Кое-где в квартирах сохранялись плиты, а то и печи. Но чем их топить? Где дрова? Какие были, быстро растащили, сожгли. Власти выделяли в районах деревянные дома, разрешали их разбирать на дрова. Легко сказать «разбирать»: ломами, пилами — работа непосильная для голодных, быстро слабеющих людей. Легче было у себя в комнатах выламывать паркет (там, где он был), еще удобней было топить буржуйки мебелью. Шли в ход стулья, столы, книги для растопки.
На черном рынке буржуйка появилась быстро, покупать надо было за большие деньги, а потом — за хлеб. А что делать, все отдашь. Зима 1941—1942 года, как назло, лютовала: –30—35╟ С. У нас на фронте в землянках тоже пылали буржуйки, тоже шла добыча дров, но согрев шел еще от пяти-шести солдат, что теснились на нарах; а в городской комнате от двух-трех дистрофиков тепла не набрать.
Буржуйка — это не все, к ней нужен, извините, дымоход, то есть трубы; их надо вывести наружу, в форточку, которую как-то приспособить, чтобы в нее натопленное не уходило.
Питер был европейский город; когда в блокаду все его привилегии рухнули, стало ясно, что куда лучше было бы переносить блокаду в старые времена, а еще лучше — в пещерные; первобытная жизнь вдруг предстала комфортной.
В конце марта 1942 года я получил увольнительную и решил навестить нашу квартиру. По дороге я с дотов отломил несколько сосулек, понаслаждался их чистой водой. У Невы женщины добывали воду из проруби. Доставали ее поварешками, рукой было не дотянуться, не зачерпнуть; береговые жители ходили на Неву, на Фонтанку, на Карповку, долбили лед. Наколют лед и несут домой. «Проблема подняться по обледенелой лестнице, дотянуть ведро и не поскользнуться», — жаловалась мне Поля, единственная, кто осталась в живых в нашей большой коммунальной квартире. Я и сам еле забрался по этой загаженной лестнице; она мне помнится во всех подробностях, в желтых ледяных наростах от мочи, и горы мусора, и всюду горы замерзшего кала. Это было открытие для меня, туалеты ведь не работали, все вываливали на лестницу, в лестничный пролет.
Поля этой зимой уже стопила бЛльшую часть мебели из всей квартиры. Из моей комнаты — деревянную кровать, книжные полки, стул; я ее никак не упрекнул.
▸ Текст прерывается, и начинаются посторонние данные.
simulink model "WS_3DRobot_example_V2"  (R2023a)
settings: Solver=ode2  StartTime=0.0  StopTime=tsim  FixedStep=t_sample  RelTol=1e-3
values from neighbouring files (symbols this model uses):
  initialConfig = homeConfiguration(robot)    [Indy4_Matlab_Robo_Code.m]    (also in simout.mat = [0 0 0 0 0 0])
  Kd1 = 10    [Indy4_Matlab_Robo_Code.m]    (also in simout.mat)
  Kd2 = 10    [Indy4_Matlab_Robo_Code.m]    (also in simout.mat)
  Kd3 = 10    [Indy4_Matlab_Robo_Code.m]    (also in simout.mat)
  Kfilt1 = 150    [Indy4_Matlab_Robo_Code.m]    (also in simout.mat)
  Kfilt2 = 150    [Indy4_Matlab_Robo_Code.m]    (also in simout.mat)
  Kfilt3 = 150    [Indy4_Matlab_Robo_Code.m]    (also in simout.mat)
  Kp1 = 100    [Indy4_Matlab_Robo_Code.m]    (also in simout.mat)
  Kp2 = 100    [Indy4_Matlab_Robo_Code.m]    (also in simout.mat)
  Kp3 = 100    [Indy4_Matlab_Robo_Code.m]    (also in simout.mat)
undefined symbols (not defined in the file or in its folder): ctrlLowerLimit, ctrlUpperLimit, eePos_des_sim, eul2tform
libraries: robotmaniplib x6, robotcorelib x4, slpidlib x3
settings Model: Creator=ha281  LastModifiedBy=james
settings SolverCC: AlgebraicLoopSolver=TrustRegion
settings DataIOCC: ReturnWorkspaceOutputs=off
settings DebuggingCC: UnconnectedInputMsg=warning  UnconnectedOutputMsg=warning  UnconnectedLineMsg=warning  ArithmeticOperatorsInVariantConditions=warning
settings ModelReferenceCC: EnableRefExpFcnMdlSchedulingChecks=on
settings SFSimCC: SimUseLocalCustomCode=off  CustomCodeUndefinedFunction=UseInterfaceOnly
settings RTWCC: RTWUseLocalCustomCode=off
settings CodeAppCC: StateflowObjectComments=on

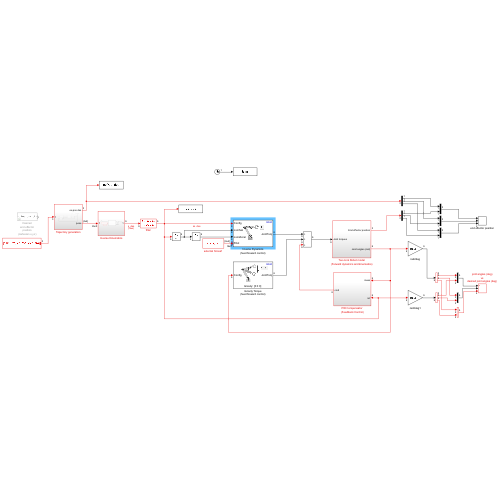
[thumbnail: Simulink's stored preview of the top-level diagram]
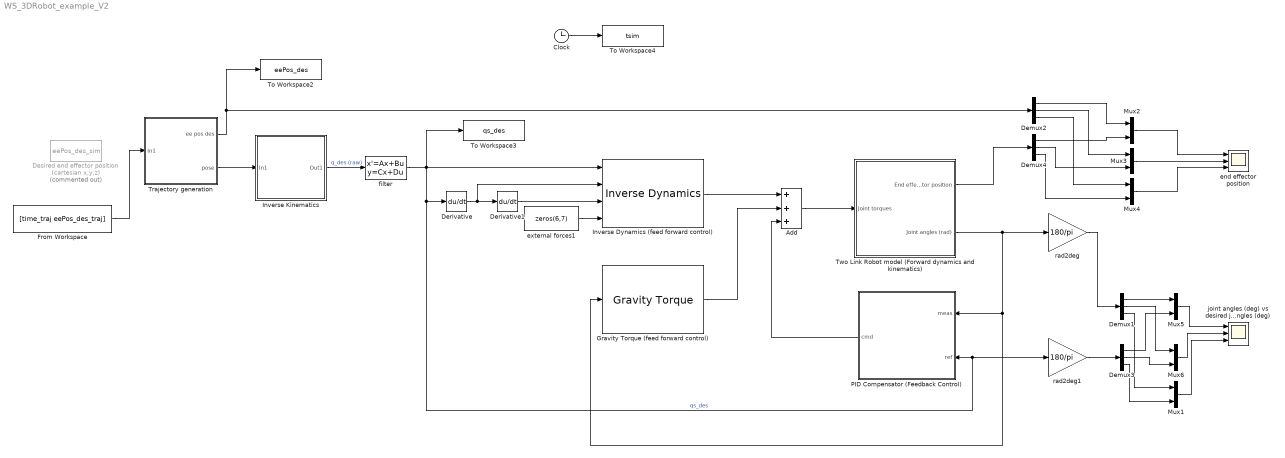
== system WS_3DRobot_example_V2 ==
  Add : Sum  Inputs=+++
  Clock : Clock
  Demux{1..4} (4 alike) : Demux  Outputs=3
  Derivative : Derivative
  Derivative1 : Derivative
  Desired end effector position (cartesian x,y,z) : Constant  Commented=on  Value=eePos_des_sim
  From Workspace : FromWorkspace  VariableName=[time_traj eePos_des_traj]
  Gravity Torque (feed forward control) : robotmaniplib/Gravity Torque  RigidBodyTree=robot  SimulateUsing=Interpreted execution
  Inverse Dynamics (feed forward control) : robotmaniplib/Inverse Dynamics  RigidBodyTree=robot  SimulateUsing=Interpreted execution
  Inverse Kinematics : Subsystem
  Mux{1..6} (6 alike) : Mux  Inputs=2
  PID Compensator (Feedback Control) : Subsystem
  To Workspace2 : ToWorkspace  VariableName=eePos_des  SampleTime=-1
  To Workspace3 : ToWorkspace  VariableName=qs_des  SampleTime=-1
  To Workspace4 : ToWorkspace  VariableName=tsim  SampleTime=-1
  Trajectory generation : Subsystem
  Two Link Robot model (Forward dynamics and kinematics) : Subsystem
  end effector position : Scope  NumInputPorts=3
  external forces1 : Constant  Value=zeros(6,7)
  filter : StateSpace  A=-1*eye(6)  B=1*eye(6)  C=eye(6)  D=zeros(6,6)  InitialCondition=0
  joint angles (deg) vs desired joint angles (deg) : Scope  NumInputPorts=3
  rad2deg : Gain  Gain=180/pi
  rad2deg1 : Gain  Gain=180/pi
  wires:
  Clock/1 -> To Workspace4/1
  rad2deg/1 -> Demux1/1
  Two Link Robot model (Forward dynamics and kinematics)/2(Joint angles (rad)) -> Gravity Torque (feed forward control)/1, PID Compensator (Feedback Control)/1(meas), rad2deg/1
  Derivative/1 -> Inverse Dynamics (feed forward control)/2, Derivative1/1
  Derivative1/1 -> Inverse Dynamics (feed forward control)/3
  external forces1/1 -> Inverse Dynamics (feed forward control)/4
  Inverse Dynamics (feed forward control)/1 -> Add/1
  Gravity Torque (feed forward control)/1 -> Add/2
  Add/1 -> Two Link Robot model (Forward dynamics and kinematics)/1(Joint torques)
  PID Compensator (Feedback Control)/1(cmd) -> Add/3
  Demux1/1 -> Mux5/1
  Demux3/2 -> Mux6/2
  Mux5/1 -> joint angles (deg) vs desired joint angles (deg)/1
  Demux3/1 -> Mux5/2
  Demux1/2 -> Mux6/1
  Mux6/1 -> joint angles (deg) vs desired joint angles (deg)/2
  rad2deg1/1 -> Demux3/1
  filter/1 -> To Workspace3/1, rad2deg1/1, PID Compensator (Feedback Control)/2(ref), Derivative/1, Inverse Dynamics (feed forward control)/1  "qs_des"
  Inverse Kinematics/1(Out1) -> filter/1  "q_des (raw)"
  Trajectory generation/2(pose) -> Inverse Kinematics/1(In1)
  Demux2/3 -> Mux4/1
  Trajectory generation/1(ee pos des) -> To Workspace2/1, Demux2/1
  Mux4/1 -> end effector position/3
  Demux4/3 -> Mux4/2
  Two Link Robot model (Forward dynamics and kinematics)/1(End effector position) -> Demux4/1
  Demux2/2 -> Mux3/1
  Mux3/1 -> end effector position/2
  Demux4/1 -> Mux2/2
  Mux2/1 -> end effector position/1
  Demux4/2 -> Mux3/2
  Demux2/1 -> Mux2/1
  From Workspace/1 -> Trajectory generation/1(In1)
  Demux1/3 -> Mux1/1
  Demux3/3 -> Mux1/2
  Mux1/1 -> joint angles (deg) vs desired joint angles (deg)/3

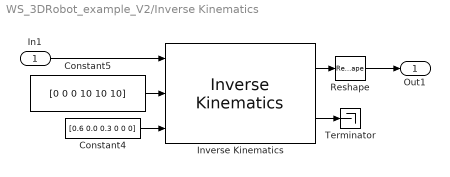
== system WS_3DRobot_example_V2/Inverse Kinematics ==
  In1 : Inport
  Constant4 : Constant  Value=[0.6 0.0 0.3 0 0 0]
  Constant5 : Constant  Value=[0 0 0 10 10 10]
  Inverse Kinematics : robotmaniplib/Inverse Kinematics  RigidBodyTree=robot  EndEffector=tool  ShowInfo=on  SolverName=BFGS Gradient Projection  EnforceJointLimits=on  MaxIterations=1500  MaxTime=10  GradientTolerance=1e-7  SolutionTolerance=1e-6  StepTolerance=1e-14  ErrorChangeTolerance=1e-12  UseErrorDamping=on  DampingBias=0.0025  SimulateUsing=Interpreted execution
  Reshape : Reshape
  Terminator : Terminator
  Out1 : Outport
  wires:
  Constant5/1 -> Inverse Kinematics/2
  Inverse Kinematics/2 -> Terminator/1
  Inverse Kinematics/1 -> Reshape/1
  Constant4/1 -> Inverse Kinematics/3
  Reshape/1 -> Out1/1
  In1/1 -> Inverse Kinematics/1

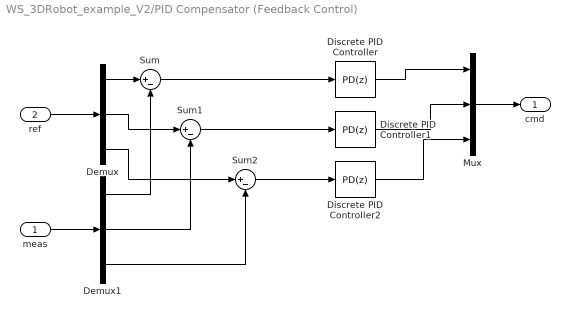
== system WS_3DRobot_example_V2/PID Compensator (Feedback Control) ==
  meas : Inport
  ref : Inport  Port=2
  Demux : Demux  Outputs=3
  Demux1 : Demux  Outputs=3
  Discrete PID Controller : slpidlib/PID Controller  Controller=PD  Form=Parallel  TimeDomain=Discrete-time  UseExternalTs=off  SampleTime=-1  IntegratorMethod=Forward Euler  FilterMethod=Forward Euler  ControllerParametersSource=internal  P=Kp1  I=0.01  UseKiTs=off  D=Kd1  N=Kfilt1  UseFilter=on  TunerSelectOption=Transfer Function Based (PID Tuner App)  InitialConditionSource=internal  InitialConditionForIntegrator=0  InitialConditionForFilter=0  DifferentiatorICPrevScaledInput=0  ExternalReset=none  TrackingMode=off  Kt=1  LimitOutput=off  SatLimitsSource=internal  UpperSaturationLimit=ctrlUpperLimit  LowerSaturationLimit=ctrlLowerLimit  LinearizeAsGain=off  AntiWindupMode=clamping  Kb=1  LimitIntegrator=off  UpperIntegratorSaturationLimit=inf  LowerIntegratorSaturationLimit=-inf  POutMin=[]  POutMax=[]  IOutMin=[]  IOutMax=[]  DOutMin=[]  DOutMax=[]  NOutMin=[]  NOutMax=[]  SumOutMin=[]  SumOutMax=[]  SaturationOutMin=[]  SaturationOutMax=[]  PParamMin=[]  PParamMax=[]  IParamMin=[]  IParamMax=[]  DParamMin=[]  DParamMax=[]  NParamMin=[]  NParamMax=[]  KbParamMin=[]  KbParamMax=[]  KtParamMin=[]  KtParamMax=[]  KbOutMin=[]  KbOutMax=[]  KtOutMin=[]  KtOutMax=[]  IntegratorOutMin=[]  IntegratorOutMax=[]  FilterOutMin=[]  FilterOutMax=[]  SumI1OutMin=[]  SumI1OutMax=[]  SumI2OutMin=[]  SumI2OutMax=[]  SumI3OutMin=[]  SumI3OutMax=[]  SumI4OutMin=[]  SumI4OutMax=[]  SumDOutMin=[]  SumDOutMax=[]  DifferentiatorOutMin=[]  DifferentiatorOutMax=[]  FilterDiffOutCoefMin=[]  FilterDiffOutCoefMax=[]  ReciprocalOutMin=[]  ReciprocalOutMax=[]  SumDenOutMin=[]  SumDenOutMax=[]  SumNumOutMin=[]  SumNumOutMax=[]  DivideOutMin=[]  DivideOutMax=[]  UdiffTsProdOutMin=[]  UdiffTsProdOutMax=[]  NTsProdOutMin=[]  NTsProdOutMax=[]  UintegralTsProdOutMin=[]  UintegralTsProdOutMax=[]  UngainTsProdOutMin=[]  UngainTsProdOutMax=[]  ClampingZeroOutDataTypeStr=Inherit: Inherit via back propagation  ClampingZeroOutMin=[]  ClampingZeroOutMax=[]  FilterDenConstantOutDataTypeStr=Inherit: Inherit via back propagation  FilterDenConstantOutMin=[]  FilterDenConstantOutMax=[]  PCopyOutDataTypeStr=Inherit: Inherit via back propagation  PCopyOutMin=[]  PCopyOutMax=[]  NCopyOutDataTypeStr=Inherit: Inherit via back propagation  NCopyOutMin=[]  NCopyOutMax=[]  IntegratorContinuousStateAttributes=''  IntegratorStateMustResolveToSignalObject=off  IntegratorRTWStateStorageClass=Auto  FilterContinuousStateAttributes=''  FilterStateMustResolveToSignalObject=off  FilterRTWStateStorageClass=Auto  ParallelPVariant=InternalParameters  IdealPVariant=Disabled  IVariant=Disabled  DVariant=InternalParameters  IntegratorVariant=Disabled  SatVariant=Disabled  AWVariant=Disabled  PCopyVariant=Disabled  TRVariant=Disabled  FdbkBlocksVariant=Forward  IdealPFdbkVariant=Disabled  SatFdbkVariant=Disabled  DerivativeFilterVariant=ForwardEulerFilter  NVariant=InternalParameters  NCopyVariant=Disabled  FilterICVariant=InternalICsFilter  IntegratorICVariant=Disabled  ExternalResetVariant=Disabled  TRSumVariant=Passthrough  SumFdbkVariant=Disabled  SumVariant=Sum_PD  TsampFilterVariant=InternalTs  TsampNgainVariant=Passthrough  TsampIntegralVariant=Disabled_SignalSpec  ExternalSaturationOutDataTypeStr=Inherit: Same as second input
  Discrete PID Controller1 : slpidlib/PID Controller  Controller=PD  Form=Parallel  TimeDomain=Discrete-time  UseExternalTs=off  SampleTime=-1  IntegratorMethod=Forward Euler  FilterMethod=Forward Euler  ControllerParametersSource=internal  P=Kp2  I=0.01  UseKiTs=off  D=Kd2  N=Kfilt2  UseFilter=on  TunerSelectOption=Transfer Function Based (PID Tuner App)  InitialConditionSource=internal  InitialConditionForIntegrator=0  InitialConditionForFilter=0  DifferentiatorICPrevScaledInput=0  ExternalReset=none  TrackingMode=off  Kt=1  LimitOutput=off  SatLimitsSource=internal  UpperSaturationLimit=ctrlUpperLimit  LowerSaturationLimit=ctrlLowerLimit  LinearizeAsGain=off  AntiWindupMode=clamping  Kb=1  LimitIntegrator=off  UpperIntegratorSaturationLimit=inf  LowerIntegratorSaturationLimit=-inf  POutMin=[]  POutMax=[]  IOutMin=[]  IOutMax=[]  DOutMin=[]  DOutMax=[]  NOutMin=[]  NOutMax=[]  SumOutMin=[]  SumOutMax=[]  SaturationOutMin=[]  SaturationOutMax=[]  PParamMin=[]  PParamMax=[]  IParamMin=[]  IParamMax=[]  DParamMin=[]  DParamMax=[]  NParamMin=[]  NParamMax=[]  KbParamMin=[]  KbParamMax=[]  KtParamMin=[]  KtParamMax=[]  KbOutMin=[]  KbOutMax=[]  KtOutMin=[]  KtOutMax=[]  IntegratorOutMin=[]  IntegratorOutMax=[]  FilterOutMin=[]  FilterOutMax=[]  SumI1OutMin=[]  SumI1OutMax=[]  SumI2OutMin=[]  SumI2OutMax=[]  SumI3OutMin=[]  SumI3OutMax=[]  SumI4OutMin=[]  SumI4OutMax=[]  SumDOutMin=[]  SumDOutMax=[]  DifferentiatorOutMin=[]  DifferentiatorOutMax=[]  FilterDiffOutCoefMin=[]  FilterDiffOutCoefMax=[]  ReciprocalOutMin=[]  ReciprocalOutMax=[]  SumDenOutMin=[]  SumDenOutMax=[]  SumNumOutMin=[]  SumNumOutMax=[]  DivideOutMin=[]  DivideOutMax=[]  UdiffTsProdOutMin=[]  UdiffTsProdOutMax=[]  NTsProdOutMin=[]  NTsProdOutMax=[]  UintegralTsProdOutMin=[]  UintegralTsProdOutMax=[]  UngainTsProdOutMin=[]  UngainTsProdOutMax=[]  ClampingZeroOutDataTypeStr=Inherit: Inherit via back propagation  ClampingZeroOutMin=[]  ClampingZeroOutMax=[]  FilterDenConstantOutDataTypeStr=Inherit: Inherit via back propagation  FilterDenConstantOutMin=[]  FilterDenConstantOutMax=[]  PCopyOutDataTypeStr=Inherit: Inherit via back propagation  PCopyOutMin=[]  PCopyOutMax=[]  NCopyOutDataTypeStr=Inherit: Inherit via back propagation  NCopyOutMin=[]  NCopyOutMax=[]  IntegratorContinuousStateAttributes=''  IntegratorStateMustResolveToSignalObject=off  IntegratorRTWStateStorageClass=Auto  FilterContinuousStateAttributes=''  FilterStateMustResolveToSignalObject=off  FilterRTWStateStorageClass=Auto  ParallelPVariant=InternalParameters  IdealPVariant=Disabled  IVariant=Disabled  DVariant=InternalParameters  IntegratorVariant=Disabled  SatVariant=Disabled  AWVariant=Disabled  PCopyVariant=Disabled  TRVariant=Disabled  FdbkBlocksVariant=Forward  IdealPFdbkVariant=Disabled  SatFdbkVariant=Disabled  DerivativeFilterVariant=ForwardEulerFilter  NVariant=InternalParameters  NCopyVariant=Disabled  FilterICVariant=InternalICsFilter  IntegratorICVariant=Disabled  ExternalResetVariant=Disabled  TRSumVariant=Passthrough  SumFdbkVariant=Disabled  SumVariant=Sum_PD  TsampFilterVariant=InternalTs  TsampNgainVariant=Passthrough  TsampIntegralVariant=Disabled_SignalSpec  ExternalSaturationOutDataTypeStr=Inherit: Same as second input
  Discrete PID Controller2 : slpidlib/PID Controller  Controller=PD  Form=Parallel  TimeDomain=Discrete-time  UseExternalTs=off  SampleTime=-1  IntegratorMethod=Forward Euler  FilterMethod=Forward Euler  ControllerParametersSource=internal  P=Kp3  I=0.01  UseKiTs=off  D=Kd3  N=Kfilt3  UseFilter=on  TunerSelectOption=Transfer Function Based (PID Tuner App)  InitialConditionSource=internal  InitialConditionForIntegrator=0  InitialConditionForFilter=0  DifferentiatorICPrevScaledInput=0  ExternalReset=none  TrackingMode=off  Kt=1  LimitOutput=off  SatLimitsSource=internal  UpperSaturationLimit=ctrlUpperLimit  LowerSaturationLimit=ctrlLowerLimit  LinearizeAsGain=off  AntiWindupMode=clamping  Kb=1  LimitIntegrator=off  UpperIntegratorSaturationLimit=inf  LowerIntegratorSaturationLimit=-inf  POutMin=[]  POutMax=[]  IOutMin=[]  IOutMax=[]  DOutMin=[]  DOutMax=[]  NOutMin=[]  NOutMax=[]  SumOutMin=[]  SumOutMax=[]  SaturationOutMin=[]  SaturationOutMax=[]  PParamMin=[]  PParamMax=[]  IParamMin=[]  IParamMax=[]  DParamMin=[]  DParamMax=[]  NParamMin=[]  NParamMax=[]  KbParamMin=[]  KbParamMax=[]  KtParamMin=[]  KtParamMax=[]  KbOutMin=[]  KbOutMax=[]  KtOutMin=[]  KtOutMax=[]  IntegratorOutMin=[]  IntegratorOutMax=[]  FilterOutMin=[]  FilterOutMax=[]  SumI1OutMin=[]  SumI1OutMax=[]  SumI2OutMin=[]  SumI2OutMax=[]  SumI3OutMin=[]  SumI3OutMax=[]  SumI4OutMin=[]  SumI4OutMax=[]  SumDOutMin=[]  SumDOutMax=[]  DifferentiatorOutMin=[]  DifferentiatorOutMax=[]  FilterDiffOutCoefMin=[]  FilterDiffOutCoefMax=[]  ReciprocalOutMin=[]  ReciprocalOutMax=[]  SumDenOutMin=[]  SumDenOutMax=[]  SumNumOutMin=[]  SumNumOutMax=[]  DivideOutMin=[]  DivideOutMax=[]  UdiffTsProdOutMin=[]  UdiffTsProdOutMax=[]  NTsProdOutMin=[]  NTsProdOutMax=[]  UintegralTsProdOutMin=[]  UintegralTsProdOutMax=[]  UngainTsProdOutMin=[]  UngainTsProdOutMax=[]  ClampingZeroOutDataTypeStr=Inherit: Inherit via back propagation  ClampingZeroOutMin=[]  ClampingZeroOutMax=[]  FilterDenConstantOutDataTypeStr=Inherit: Inherit via back propagation  FilterDenConstantOutMin=[]  FilterDenConstantOutMax=[]  PCopyOutDataTypeStr=Inherit: Inherit via back propagation  PCopyOutMin=[]  PCopyOutMax=[]  NCopyOutDataTypeStr=Inherit: Inherit via back propagation  NCopyOutMin=[]  NCopyOutMax=[]  IntegratorContinuousStateAttributes=''  IntegratorStateMustResolveToSignalObject=off  IntegratorRTWStateStorageClass=Auto  FilterContinuousStateAttributes=''  FilterStateMustResolveToSignalObject=off  FilterRTWStateStorageClass=Auto  ParallelPVariant=InternalParameters  IdealPVariant=Disabled  IVariant=Disabled  DVariant=InternalParameters  IntegratorVariant=Disabled  SatVariant=Disabled  AWVariant=Disabled  PCopyVariant=Disabled  TRVariant=Disabled  FdbkBlocksVariant=Forward  IdealPFdbkVariant=Disabled  SatFdbkVariant=Disabled  DerivativeFilterVariant=ForwardEulerFilter  NVariant=InternalParameters  NCopyVariant=Disabled  FilterICVariant=InternalICsFilter  IntegratorICVariant=Disabled  ExternalResetVariant=Disabled  TRSumVariant=Passthrough  SumFdbkVariant=Disabled  SumVariant=Sum_PD  TsampFilterVariant=InternalTs  TsampNgainVariant=Passthrough  TsampIntegralVariant=Disabled_SignalSpec  ExternalSaturationOutDataTypeStr=Inherit: Same as second input
  Mux : Mux  Inputs=3
  Sum : Sum  Inputs=|+-
  Sum1 : Sum  Inputs=|+-
  Sum2 : Sum  Inputs=|+-
  cmd : Outport  VectorParamsAs1DForOutWhenUnconnected=off
  wires:
  Demux1/2 -> Sum1/2
  Discrete PID Controller1/1 -> Mux/2
  Demux/2 -> Sum1/1
  Sum1/1 -> Discrete PID Controller1/1
  Mux/1 -> cmd/1
  Discrete PID Controller/1 -> Mux/1
  Sum/1 -> Discrete PID Controller/1
  Demux1/1 -> Sum/2
  Demux/1 -> Sum/1
  meas/1 -> Demux1/1
  ref/1 -> Demux/1
  Demux/3 -> Sum2/1
  Demux1/3 -> Sum2/2
  Sum2/1 -> Discrete PID Controller2/1
  Discrete PID Controller2/1 -> Mux/3

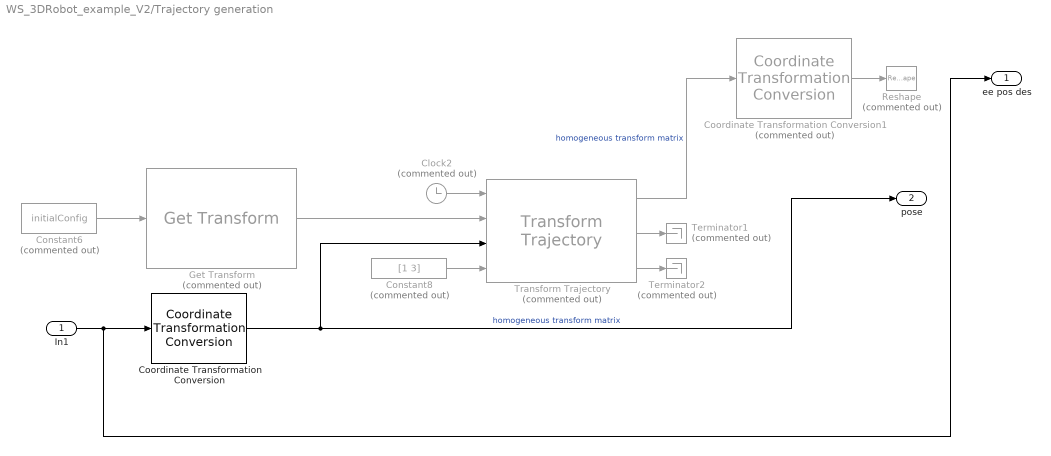
== system WS_3DRobot_example_V2/Trajectory generation ==
  In1 : Inport
  Clock2 : Clock  Commented=on
  Constant6 : Constant  Commented=on  Value=initialConfig
  Constant8 : Constant  Commented=on  Value=[1 3]
  Coordinate Transformation Conversion : robotcorelib/Coordinate Transformation Conversion  InputRepresentation=Translation Vector  InputEulerSequence=ZYX  ShowTrVecInputPort=on  OutputRepresentation=Homogeneous Transformation  OutputEulerSequence=ZYX  ShowTrVecOutputPort=on  SimulateUsing=Interpreted execution
  Coordinate Transformation Conversion1 : robotcorelib/Coordinate Transformation Conversion  Commented=on  InputRepresentation=Homogeneous Transformation  InputEulerSequence=ZYX  ShowTrVecInputPort=on  OutputRepresentation=Translation Vector  OutputEulerSequence=ZYX  ShowTrVecOutputPort=on  SimulateUsing=Interpreted execution
  Get Transform : robotmaniplib/Get Transform  Commented=on  RigidBodyTree=robot  SourceBody=tool  TargetBody=base  SimulateUsing=Interpreted execution
  Reshape : Reshape  Commented=on
  Terminator1 : Terminator  Commented=on
  Terminator2 : Terminator  Commented=on
  Transform Trajectory : robotcorelib/Transform Trajectory  Commented=on  WaypointSource=External  T0=eul2tform( [ 0.6, 0, 0 ] )  TF=eul2tform( [ 0.45, 0.1, 0 ] )  TimeInterval=[ 2, 3 ]  CustomTimeScaling=off  ParameterSource=Internal  TSTime=2:0.1:3  TimeScaling=[ 0:0.1:1; ones( 1, 11 ); zeros( 1, 11 ) ]  SimulateUsing=Interpreted execution
  ee pos des : Outport
  pose : Outport  Port=2
  wires:
  Get Transform/1 -> Transform Trajectory/2
  Constant6/1 -> Get Transform/1
  Coordinate Transformation Conversion/1 -> pose/1, Transform Trajectory/3  "homogeneous transform matrix"
  Clock2/1 -> Transform Trajectory/1
  Transform Trajectory/2 -> Terminator1/1
  Constant8/1 -> Transform Trajectory/4
  Transform Trajectory/3 -> Terminator2/1
  In1/1 -> ee pos des/1, Coordinate Transformation Conversion/1
  Coordinate Transformation Conversion1/1 -> Reshape/1
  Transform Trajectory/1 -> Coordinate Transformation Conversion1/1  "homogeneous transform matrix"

«Цивилизация, — сказала она, — будь она проклята».
Свет
А ведь когда-то горело электричество, лампочки в абажуре в коридоре остались, я пощелкал выключателями, они не отозвались. В первые же бомбежки стали заклеивать окна бумажными крестами. Чтобы сохранить стекла. Потом почему-то кресты эти плохо защищали от бомбежек; постепенно окна зачернели опустелыми рамами. Ударная волна снарядов и бомб в конце концов выбивала стекло; окна принялись завешивать одеялами, коврами, чтобы кое-как защититься от снега и ветра. В комнатах стало совсем темно. Не стало ни утра, ни дня, постоянная тьма. Свет начали добывать коптилками, их мастерили из консервных банок, покупали на рынках, туда заливали керосин; его не стало — добывали масло: лампадное, машинное, трансформаторное, не знаю еще какое… Из ниток — их выдергивали из одежды, скручивали фитиль. Огонек кое-как светил, коптил, над ним можно было руки замерзшие погреть; масло ухитрялись выпросить в церквях, у артиллеристов, а еще, это я после войны узнал, у монтеров «Ленэнерго», они брали его из масляных выключателей, из трансформаторов. И продавали.
В ретроспективе все эти добычи выглядят иначе; не воровали, а выпрашивали, выменивали, добыть свет было так же трудно, как в каменном веке.
Радио молчало, стучал метроном, в какие-то часы передавали последние известия.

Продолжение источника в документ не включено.